In a recent case in Paderborn, Germany, a man allegedly accessing child pornography saw a note appear on his screen indicating that the German national police force knew what he was up to. It urged him to turn himself in, so the 20-year-old went to the nearest station and told the dumbfounded police that he was the one they were looking for, giving them specific details about his activities.
While they won't reveal much else about the case, the German police want it to be clear that they are not scanning people's computers. A computer virus helped them apprehend the suspect.
The man was using a computer infected with a worm -- a techie term for a self-sufficient virus that spreads on its own -- called Sober.X. Its origin is unknown, but it spreads through e-mail and affects Microsoft Corp.'s Windows operating systems. And it's smart. It can determine whether the computer's user speaks German or English -- English speakers get a note from the U.S. Federal Bureau of Investigation demanding they turn themselves in.
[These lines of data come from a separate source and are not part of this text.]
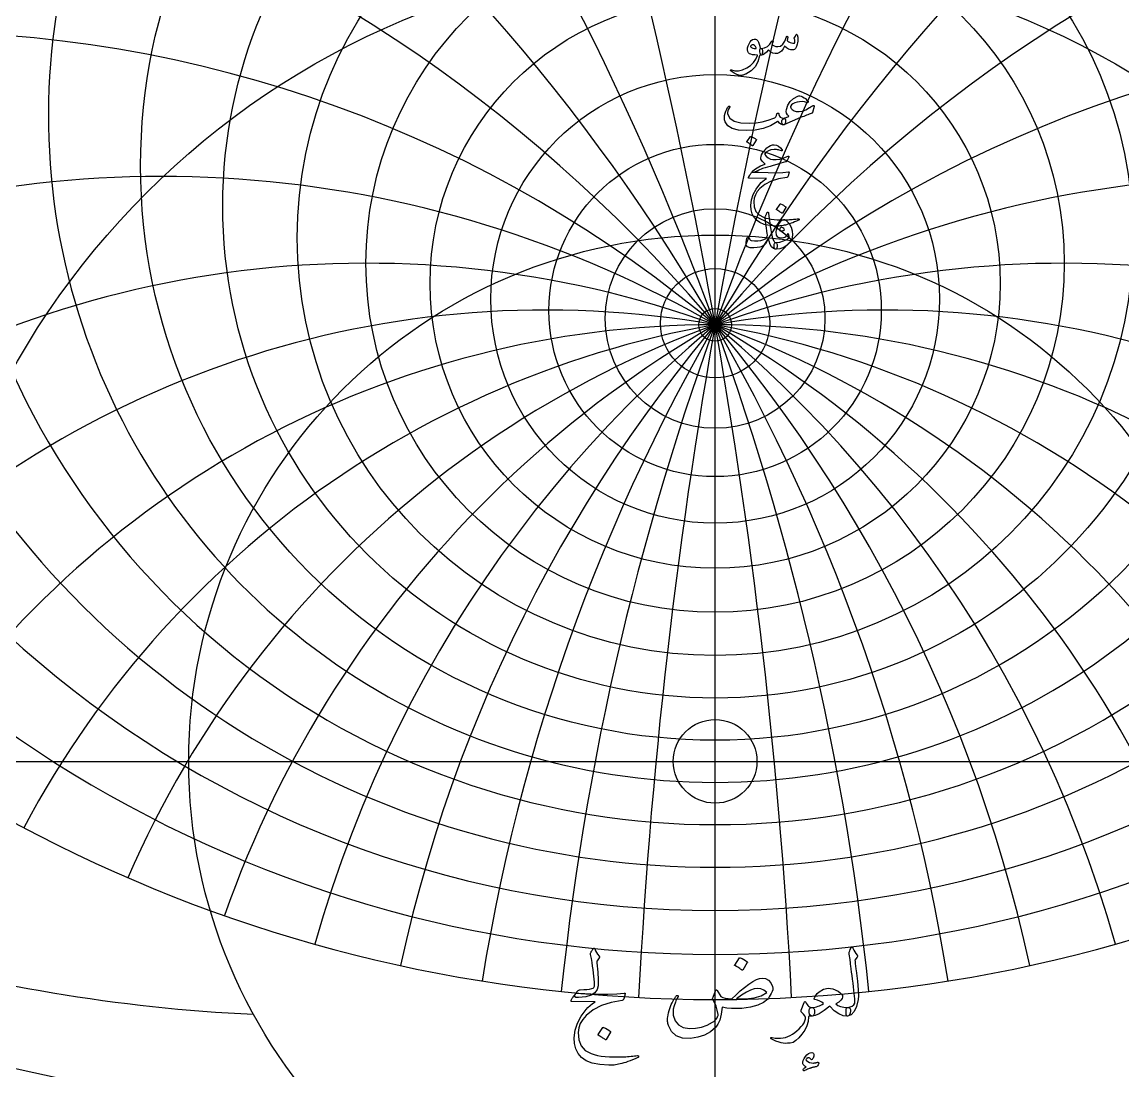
# Model space of a CAD drawing. Header units: millimetres. Extents: x -69 to 69, y -69 to 71.
# Drawn here: x -38.3 to 22.6, y -17.1 to 40.9 of the extents above; entities that cross this region are included whole.
import ezdxf

# ---------------------------------------------------------------- set-up
doc = ezdxf.new("R2010")
doc.units = ezdxf.units.MM
for name, color, linetype in [('CUT_INNER', 6, 'Continuous'), ('CUT_OUTER', 1, 'Continuous'), ('ENGRAVE', 7, 'Continuous'), ('ENGRAVE_FINE', 8, 'Continuous'), ('TEXT', 5, 'Continuous')]:
    doc.layers.add(name, color=color, linetype=linetype)

msp = doc.modelspace()

# ---------------------------------------------------------------- linework, layer by layer
at = {"layer": 'CUT_INNER'}
msp.add_circle((0, 0), 2.315, dxfattribs=at)
at = {"layer": 'CUT_OUTER'}
msp.add_arc((-0.0002, -0.0002), 68.9324, 142.382592, 87.802872, dxfattribs=at)
at = {"layer": 'ENGRAVE'}
for points in [[(0, -67.95), (0, 67.95)], [(-67.95, 0), (67.95, 0)]]:
    msp.add_lwpolyline(points, dxfattribs=at)
for centre, radius in [((0, 0), 67.95), ((0, 32.9413), 31.7766), ((0, 30.7336), 27.233), ((0, 28.9672), 23.1114), ((0, 27.5576), 19.3138), ((0, 0), 44.4794), ((0, 26.4439), 15.7654), ((0, 25.5822), 12.4068), ((0, 24.9406), 9.1896), ((0, 24.4969), 6.0729), ((0, 0), 29.1157), ((0, 24.2363), 3.0207), ((0, 24.1503), 0.906)]:
    msp.add_circle(centre, radius, dxfattribs=at)
for centre, radius, start, end in [((0, 35.7095), 36.8742, 131.172626, 48.827374), ((0, 39.2101), 42.7107, 157.98396, 22.01604), ((0, 43.6985), 49.5544, 176.664202, 3.335798), ((0, 49.5694), 57.8132, 191.904364, 348.095636), ((0, 57.4636), 68.1422, 205.149698, 334.850302), ((0, -28.8852), 53.0355, 33, 147), ((0, -28.8852), 53.0355, 33, 147), ((0, 68.4922), 81.6676, 217.070295, 322.929705), ((-21.1828, 79.0552), 93.1496, 239.875199, 267.323307)]:
    msp.add_arc(centre, radius, start, end, dxfattribs=at)
at = {"layer": 'ENGRAVE_FINE'}
for centre, radius, start, end in [((-300.7795, -28.8852), 305.4195, 2.969013, 18.313318), ((-300.7795, -28.8852), 305.4195, 2.969013, 18.313318), ((300.7795, -28.8852), 305.4195, 161.686682, 177.030987), ((300.7795, -28.8852), 305.4195, 161.686682, 177.030987), ((-145.714, -28.8852), 155.0656, 5.979733, 36.962322), ((-145.714, -28.8852), 155.0656, 5.979733, 36.962322), ((145.714, -28.8852), 155.0656, 143.037678, 174.020267), ((145.714, -28.8852), 155.0656, 143.037678, 174.020267), ((-91.8603, -28.8852), 106.0711, 9.076124, 56.31782), ((-91.8603, -28.8852), 106.0711, 9.076124, 56.31782), ((91.8603, -28.8852), 106.0711, 123.68218, 170.923876), ((91.8603, -28.8852), 106.0711, 123.68218, 170.923876), ((-63.2053, -28.8852), 82.5087, 12.306911, 76.81627), ((-63.2053, -28.8852), 82.5087, 12.306911, 76.81627), ((63.2053, -28.8852), 82.5087, 103.18373, 167.693089), ((63.2053, -28.8852), 82.5087, 103.18373, 167.693089), ((-44.5021, -28.8852), 69.233, 15.72862, 98.962673), ((-44.5021, -28.8852), 69.233, 15.72862, 98.962673), ((44.5021, -28.8852), 69.233, 81.037327, 164.27138), ((44.5021, -28.8852), 69.233, 81.037327, 164.27138), ((-30.6201, -28.8852), 61.2402, 19.409554, 123.219246), ((-30.6201, -28.8852), 61.2402, 19.409554, 123.219246), ((30.6201, -28.8852), 61.2402, 56.780754, 160.590446), ((30.6201, -28.8852), 61.2402, 56.780754, 160.590446), ((-19.3034, -28.8852), 56.4392, 23.435256, 134.139707), ((-19.3034, -28.8852), 56.4392, 23.435256, 134.139707), ((19.3034, -28.8852), 56.4392, 45.860293, 156.564744), ((19.3034, -28.8852), 56.4392, 45.860293, 156.564744), ((-9.3516, -28.8852), 53.8537, 27.916334, 141.112561), ((-9.3516, -28.8852), 53.8537, 27.916334, 141.112561), ((9.3516, -28.8852), 53.8537, 38.887439, 152.083666), ((9.3516, -28.8852), 53.8537, 38.887439, 152.083666), ((0, 158.3193), 179.5349, 247.925664, 292.074336)]:
    msp.add_arc(centre, radius, start, end, dxfattribs=at)
at = {"layer": 'TEXT'}
for points in [[(4.4907, 40.2139), (4.4995, 40.2199), (4.5098, 40.2179), (4.5216, 40.2079), (4.5349, 40.1898), (4.5492, 40.1591), (4.56, 40.1154), (4.5673, 40.0587), (4.5711, 39.9889), (4.5724, 39.9095), (4.5681, 39.8321), (4.5583, 39.7568), (4.543, 39.6834), (4.4983, 39.5408), (4.4485, 39.4383), (4.3938, 39.376), (4.334, 39.3539), (4.1926, 39.3622), (4.0617, 39.3991), (3.9414, 39.4647), (3.8317, 39.5589), (3.7563, 39.4104), (3.6669, 39.2946), (3.5634, 39.2115), (3.4459, 39.161), (3.3226, 39.15), (3.1978, 39.1811), (3.0714, 39.2545), (2.9436, 39.37), (2.8401, 39.2381), (2.7386, 39.144), (2.6392, 39.0874), (2.5417, 39.0686), (2.5221, 39.0797), (2.5036, 39.1128), (2.486, 39.1681), (2.4694, 39.2454), (2.4634, 39.3218), (2.4734, 39.378), (2.4995, 39.4142), (2.5417, 39.4303), (2.7271, 39.4722), (2.8893, 39.5538), (3.0285, 39.6752), (3.1445, 39.8361), (3.1508, 39.8449), (3.1576, 39.8512), (3.1649, 39.855), (3.1726, 39.8562), (3.1822, 39.8552), (3.1907, 39.8522), (3.1983, 39.8472), (3.2048, 39.8402), (3.2086, 39.8186), (3.1998, 39.7819), (3.1784, 39.7302), (3.1445, 39.6633), (3.189, 39.6119), (3.258, 39.5739), (3.3517, 39.5496), (3.47, 39.5388), (3.6174, 39.5697), (3.7463, 39.6704), (3.8566, 39.8409), (3.9482, 40.0813), (3.9527, 40.0936), (3.9583, 40.1024), (3.9648, 40.1076), (3.9723, 40.1094), (3.9836, 40.1084), (3.9934, 40.1054), (4.0017, 40.1004), (4.0085, 40.0933), (4.0135, 40.0833), (4.0165, 40.0732), (4.0175, 40.0632), (4.0165, 40.0531), (3.9764, 39.8844), (4.0233, 39.8427), (4.0798, 39.806), (4.1459, 39.7744), (4.2215, 39.7477), (4.2951, 39.7304), (4.3511, 39.7266), (4.3895, 39.7364), (4.4104, 39.7598), (4.4171, 39.7955), (4.4134, 39.8462), (4.3991, 39.912), (4.3742, 39.9929), (4.3785, 40.0157), (4.3993, 40.0602), (4.4367, 40.1262), (4.4907, 40.2139)], [(2.4614, 39.0244), (2.3672, 38.6936), (2.2092, 38.4166), (1.9874, 38.1933), (1.7019, 38.0238), (1.6619, 38.0066), (1.6225, 37.9911), (1.5836, 37.9774), (1.5451, 37.9655), (1.5075, 37.9556), (1.4708, 37.9479), (1.4351, 37.9425), (1.4005, 37.9394), (1.3141, 37.9517), (1.1995, 37.9967), (1.0569, 38.0743), (0.8861, 38.1845), (0.8678, 38.2003), (0.857, 38.2157), (0.8537, 38.2305), (0.858, 38.2448), (0.8675, 38.2559), (0.8801, 38.2609), (0.8956, 38.2599), (0.9142, 38.2528), (1.0918, 38.1953), (1.291, 38.1956), (1.5117, 38.2536), (1.7541, 38.3694), (1.952, 38.5037), (2.1158, 38.6617), (2.2454, 38.8433), (2.3408, 39.0485), (2.3401, 39.0558), (2.3378, 39.0616), (2.334, 39.0658), (2.3287, 39.0686), (2.1904, 39.0766), (2.0726, 39.0927), (1.9754, 39.1168), (1.8988, 39.149), (1.8395, 39.1987), (1.8023, 39.2675), (1.7872, 39.3554), (1.7943, 39.4624), (1.7965, 39.4766), (1.7993, 39.4911), (1.8026, 39.5057), (1.8063, 39.5207), (1.8106, 39.5361), (1.8154, 39.5523), (1.8207, 39.5693), (1.8264, 39.587), (1.8736, 39.7018), (1.9309, 39.797), (1.9982, 39.8726), (2.0756, 39.9286), (2.1547, 39.9592), (2.2273, 39.9587), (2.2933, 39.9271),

The worm also hides itself by turning off anti-virus software and blocking access to known anti-virus websites, and it sends personal information such as names and addresses from the affected computer's e-mail and Web browsers to an offshore e-mail address.
Fighting crime is just the latest in a wide range of new uses virus makers are finding for the Sober worm technology, which first appeared in late 2003. Most of the others are far less benevolent.
"Sober.X is just one of a large family of Sober worms," said Sam Masiello, director of threat management for Denver-based software security company MX Logic Inc. "They have a common core code and all deal with some form of social engineering -- they come with e-mails offering the user something they might want."
Virus makers have been honing the worm's technology, and new variants have appeared as little as a single day apart. They've included messages about things such as World Cup tickets, digital videos featuring socialite Paris Hilton, and other inducements. And they are getting more creative all the time.
"One of the most popular variants promises a digital Christmas card," said Dominic Wild, a Vancouver-based security expert with Sophos PLC, an anti-virus software vendor.
Sober-based worms are designed to spread quickly, too. MessageLabs Ltd., a British electronic security firm, says it intercepted three million copies of Sober.X within the first 24 hours of its discovery.
Besides stealing personal information, Sober worms can automatically send e-mails of their own from an infected machine, unbeknownst to the user -- not just to replicate on other computers, but also to disseminate messages, often for extremist groups. Sober worms are even being used for profit.
"It's not like the old days when viruses were all about causing chaos by bringing down files and applications," Mr. Wild said. "The people that make these worms saw that spammers could make money, so they decided to get their share."
Virus writers can arrange to have their worms do various things in return for cash. Such worms can install themselves on a computer and set themselves up to automatically "click" on pay-per-click ads, skew search engine results or pad visitor statistics at commercial websites. Because they are intended to perform a task without the permission of the computer's owner, Sober viruses are also designed to operate as inconspicuously as possible.
"They're made hard to detect so they can do their jobs," Mr. Wild said.
But they aren't always invisible.
"People start seeing a gradual slowdown in their computer," Mr. Masiello said, "because the worm is busy calling home."
As with most threats, prevention is probably a more realistic plan than finding a cure, because the worm evolves so quickly. This can be difficult, though -- Sober worms are transmitted by e-mail, and since they work by mining the address books of infected PCs, they may come in a message from what appears to be a trusted source.
"You don't have to open an attachment, you just have to open the infected e-mail," Mr. Masiello said. "So it's wise not to open e-mails from unknown sources or even odd-sounding e-mails from familiar people."
So if your grandmother is offering you bargain deals on prescription drugs, you may want to press the delete key.